Driven by a hypnotic drum score, the women in Fisher's 16-minute video, MYAKKA, filmed over a two-week period at the Florida State Park by the same name, roam the wetland and prairies engaging each other and local wildlife in a loosely-based narrative. At times you see the women, dressed in torn tee-shirts, diaphanous thrift-store garb, and with their faces fiercely painted, gather under dense tangles of trees.



While the characters interact with each other, pausing at intervals and  limberly weaving their limbs through the tree branches, as if witchy seers broken on a medieval Catherine's Wheel, The sun dapples through the lush canopy of leaves above cloaking them in eerie amber light. As the wind lifts the rainbow-colored tunic of one of the performers, a sliver of sunlight refracts the moment beautifully.

The crackling synth by the group SKINT and the women stopping to collect strands of Spanish moss from the copse of trees circling them, to create tendril-like veils to cowl their faces, adds to the sense of mystery evoked by the film.

In the gallery, Fisher is exhibiting an accompanying suite of paintings and drawings viewers will recognize as portraits inspired by the action on the video projected on a gallery wall.

Naomi Fisher Mary, Miyakka, She Came From Fire 2011
Courtesy Fredric Snitzer Gallery

Works such as Mary, Myakka, She Came From Fire, a watercolor, Charcoal, acrylic on linen piece, depicting a close up of one of the women, face streaked with war paint, sitting before a blazing fire is a fine example.

Another depicts a fellow initiate standing in a thicket of soaring grass with a dead snake she offers to her friends on a twig.

As the night falls the women retire to a woodland clearing and form a circle around a roaring fire. They take turns burning talismanic drawings. Then a hand appears from off camera anointing the upturned face of a woman with red paint from her fingers.

Although these works may strike some as a departure from Fisher's past paintings, the red faced woman, a staple of Fisher's earlier works,  still appears here on video and in mixed media paintings.

There is something distinctly tribal and visceral about Fisher's unforgettable video that evokes the cycle of regeneration and rebirth and nature's power to transport one to the primordial. Nature has always figured prominently in her work, says Fisher who adds that this show was two years in the making.

Fisher's collaborators on the "Myakka" video were Mary Christmas, Jessie Gold, Elizabeth Hart, Erin Krause and Stella Rey. "I try to go camping by myself at least once a year in the Everglades.  I like to do watercolors of nature on these trips."

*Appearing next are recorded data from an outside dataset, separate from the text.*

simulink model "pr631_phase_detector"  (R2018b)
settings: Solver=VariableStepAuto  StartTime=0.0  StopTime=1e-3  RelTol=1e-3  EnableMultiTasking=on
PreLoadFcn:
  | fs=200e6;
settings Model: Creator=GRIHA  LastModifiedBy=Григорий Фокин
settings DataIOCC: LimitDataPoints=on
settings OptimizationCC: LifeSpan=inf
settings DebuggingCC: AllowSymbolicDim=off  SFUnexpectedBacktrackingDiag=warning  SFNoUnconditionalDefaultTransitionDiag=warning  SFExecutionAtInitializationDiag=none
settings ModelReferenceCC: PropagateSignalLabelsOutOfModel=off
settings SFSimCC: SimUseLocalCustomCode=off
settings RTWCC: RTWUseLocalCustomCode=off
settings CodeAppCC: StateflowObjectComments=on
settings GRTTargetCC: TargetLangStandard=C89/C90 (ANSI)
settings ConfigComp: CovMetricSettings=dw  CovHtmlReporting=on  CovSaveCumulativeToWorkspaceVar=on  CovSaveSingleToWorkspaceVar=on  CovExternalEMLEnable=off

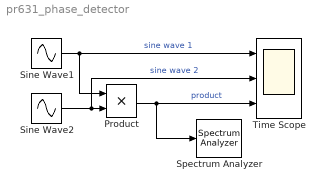
== system pr631_phase_detector ==
  Product : Product
  Sine Wave1 : Sin  Frequency=2*pi*(fs/20)  SampleTime=1/fs
  Sine Wave2 : Sin  Frequency=2*pi*(fs*1.00/20)  Phase=pi/3  SampleTime=1/fs
  Spectrum Analyzer : SpectrumAnalyzer
  Time Scope : Scope  NumInputPorts=3
  wires:
  Sine Wave1/1 -> Product/1, Time Scope/1  "sine wave 1"
  Sine Wave2/1 -> Time Scope/2, Product/2  "sine wave 2"
  Product/1 -> Time Scope/3, Spectrum Analyzer/1  "product"

As far as some of the outdoor sanctuaries that inspire her she says that the Everglades National Park, Big Cypress Preserve, Shark Valley, Oleta State Park, Myakka State Park, Fairchild Tropical Gardens, The Kampong, and Vizcaya are favorites.

"We are so lucky in South Florida to have such incredible and unique wetlands, prairies, and beaches. Whenever I travel for my exhibitions I try to stay for a few extra days to check out regional art scenes and nature.  For example when I had a solo show in Tokyo two years ago I traveled to the southern Island of Japan to explore their natural volcanic hot springs, Fisher says.

Don't miss Fisher's MYAKKA; it's both dreamy and epic.